Deutsche Bank posts big loss as restructuring bites
FRANKFURT: Deutsche Bank AG plunged to a bigger than expected loss of €5.7 billion ($6.3 billion) last year, its fifth in a row, as the cost of its latest turnaround attempt hit earnings.
Misconduct scandals, a failed attempt to take on Wall Street heavyweights and, more recently, an aborted merger with Commerzbank AG mean Germany’s biggest bank is still in recovery mode more than a decade on from the global financial crisis.
The latest attempt, under chief executive officer Christian Sewing, is a €7.4-billion drive to cut 18,000 jobs, shrink its investment bank and focus on corporate as well as private banking.
“Our new strategy is gaining traction,” he said yesterday, saying revenues had stabilised in the second half of 2019 and the huge net loss was entirely down to revamp costs.
But the €1.6 billion loss in the fourth quarter was larger than analysts’ mean forecast of €1 billion, leading the fullyear result to miss expectations of a €5 billion loss.
Revenue fell 4% in the fourth quarter to €5.3 billion and was down 8% for the year to €23.2 billion.
The quarterly figure included a 5% drop in corporate banking and a 4% decline at the private bank.
The investment bank’s cash-cow bond trading arm saw a 31% jump, a big improvement on recent quarterly falls, but less than gains at some US banks.
Deutsche Bank is aiming for annual revenue of €24.5 billion by 2022.
The bank said its cost cutting plans, another key focus for investors, were on track, with global employee numbers down by more than 4,100 last year to 87,597 full-time equivalents.
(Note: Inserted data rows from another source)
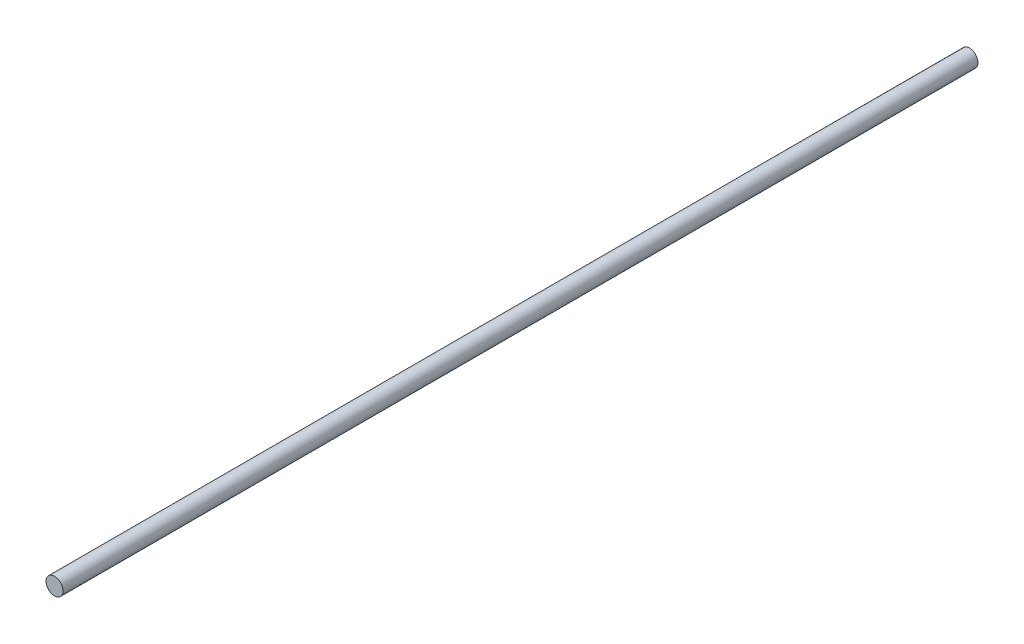
ISO-10303-21;
HEADER;
FILE_DESCRIPTION(('STEP AP214'),'2;1');
FILE_NAME('part.step','',(''),(''),'','','');
FILE_SCHEMA(('AUTOMOTIVE_DESIGN { 1 0 10303 214 1 1 1 1 }'));
ENDSEC;
DATA;
#1=APPLICATION_CONTEXT('core data for automotive mechanical design processes');
#2=APPLICATION_PROTOCOL_DEFINITION('international standard','automotive_design',2000,#1);
#3=PRODUCT_CONTEXT('',#1,'mechanical');
#4=PRODUCT('Part','Part','',(#3));
#5=PRODUCT_RELATED_PRODUCT_CATEGORY('part','',(#4));
#6=PRODUCT_DEFINITION_FORMATION('','',#4);
#7=PRODUCT_DEFINITION_CONTEXT('part definition',#1,'design');
#8=PRODUCT_DEFINITION('design','',#6,#7);
#9=PRODUCT_DEFINITION_SHAPE('','',#8);
#10=(LENGTH_UNIT() NAMED_UNIT(*) SI_UNIT(.MILLI.,.METRE.));
#11=(NAMED_UNIT(*) PLANE_ANGLE_UNIT() SI_UNIT($,.RADIAN.));
#12=(NAMED_UNIT(*) SI_UNIT($,.STERADIAN.) SOLID_ANGLE_UNIT());
#13=UNCERTAINTY_MEASURE_WITH_UNIT(LENGTH_MEASURE(1.E-05),#10,'distance_accuracy_value','');
#14=(GEOMETRIC_REPRESENTATION_CONTEXT(3) GLOBAL_UNCERTAINTY_ASSIGNED_CONTEXT((#13)) GLOBAL_UNIT_ASSIGNED_CONTEXT((#10,
#11,#12)) REPRESENTATION_CONTEXT('',''));
#15=CARTESIAN_POINT('',(0.,0.,0.));
#16=DIRECTION('',(0.,0.,1.));
#17=DIRECTION('',(1.,0.,0.));
#18=AXIS2_PLACEMENT_3D('',#15,#16,#17);
#19=CARTESIAN_POINT('',(0.,0.,430.));
#20=DIRECTION('',(0.,0.,-1.));
#21=DIRECTION('',(-1.,0.,0.));
#22=AXIS2_PLACEMENT_3D('',#19,#20,#21);
#23=CYLINDRICAL_SURFACE('',#22,4.);
#24=CARTESIAN_POINT('',(0.,0.,430.));
#25=DIRECTION('',(0.,0.,1.));
#26=DIRECTION('',(1.,0.,0.));
#27=AXIS2_PLACEMENT_3D('',#24,#25,#26);
#28=CIRCLE('',#27,4.);
#29=CARTESIAN_POINT('',(4.,0.,430.));
#30=VERTEX_POINT('',#29);
#31=EDGE_CURVE('E10',#30,#30,#28,.T.);
#32=ORIENTED_EDGE('',*,*,#31,.F.);
#33=EDGE_LOOP('',(#32));
#34=FACE_BOUND('',#33,.T.);
#35=CARTESIAN_POINT('',(0.,0.,0.));
#36=DIRECTION('',(0.,0.,1.));
#37=DIRECTION('',(1.,0.,0.));
#38=AXIS2_PLACEMENT_3D('',#35,#36,#37);
#39=CIRCLE('',#38,4.);
#40=CARTESIAN_POINT('',(4.,0.,0.));
#41=VERTEX_POINT('',#40);
#42=EDGE_CURVE('E36',#41,#41,#39,.T.);
#43=ORIENTED_EDGE('',*,*,#42,.T.);
#44=EDGE_LOOP('',(#43));
#45=FACE_BOUND('',#44,.T.);
#46=ADVANCED_FACE('F33',(#34,#45),#23,.T.);
#47=CARTESIAN_POINT('',(0.,0.,430.));
#48=DIRECTION('',(0.,0.,1.));
#49=DIRECTION('',(1.,0.,0.));
#50=AXIS2_PLACEMENT_3D('',#47,#48,#49);
#51=PLANE('',#50);
#52=ORIENTED_EDGE('',*,*,#31,.T.);
#53=EDGE_LOOP('',(#52));
#54=FACE_BOUND('',#53,.T.);
#55=ADVANCED_FACE('F48',(#54),#51,.T.);
#56=CARTESIAN_POINT('',(0.,0.,0.));
#57=DIRECTION('',(0.,0.,1.));
#58=DIRECTION('',(1.,0.,0.));
#59=AXIS2_PLACEMENT_3D('',#56,#57,#58);
#60=PLANE('',#59);
#61=ORIENTED_EDGE('',*,*,#42,.F.);
#62=EDGE_LOOP('',(#61));
#63=FACE_BOUND('',#62,.T.);
#64=ADVANCED_FACE('F46',(#63),#60,.F.);
#65=CLOSED_SHELL('',(#46,#55,#64));
#66=MANIFOLD_SOLID_BREP('B2',#65);
#67=ADVANCED_BREP_SHAPE_REPRESENTATION('',(#18,#66),#14);
#68=SHAPE_DEFINITION_REPRESENTATION(#9,#67);
ENDSEC;
END-ISO-10303-21;

It said on Wednesday that it would halve 2019 bonuses for individual board members, and told staff this week it would delay salary raises by a few months.
Now in its 150th year, Deutsche Bank is considered one of the global financial system’s most important banks, but has been hit by a string of misconduct scandals.
Seeking to repair relations with Berlin and the general public, it last week appointed to its supervisory board former German government minister Sigmar Gabriel, who once criticised the bank for a business model built on speculation.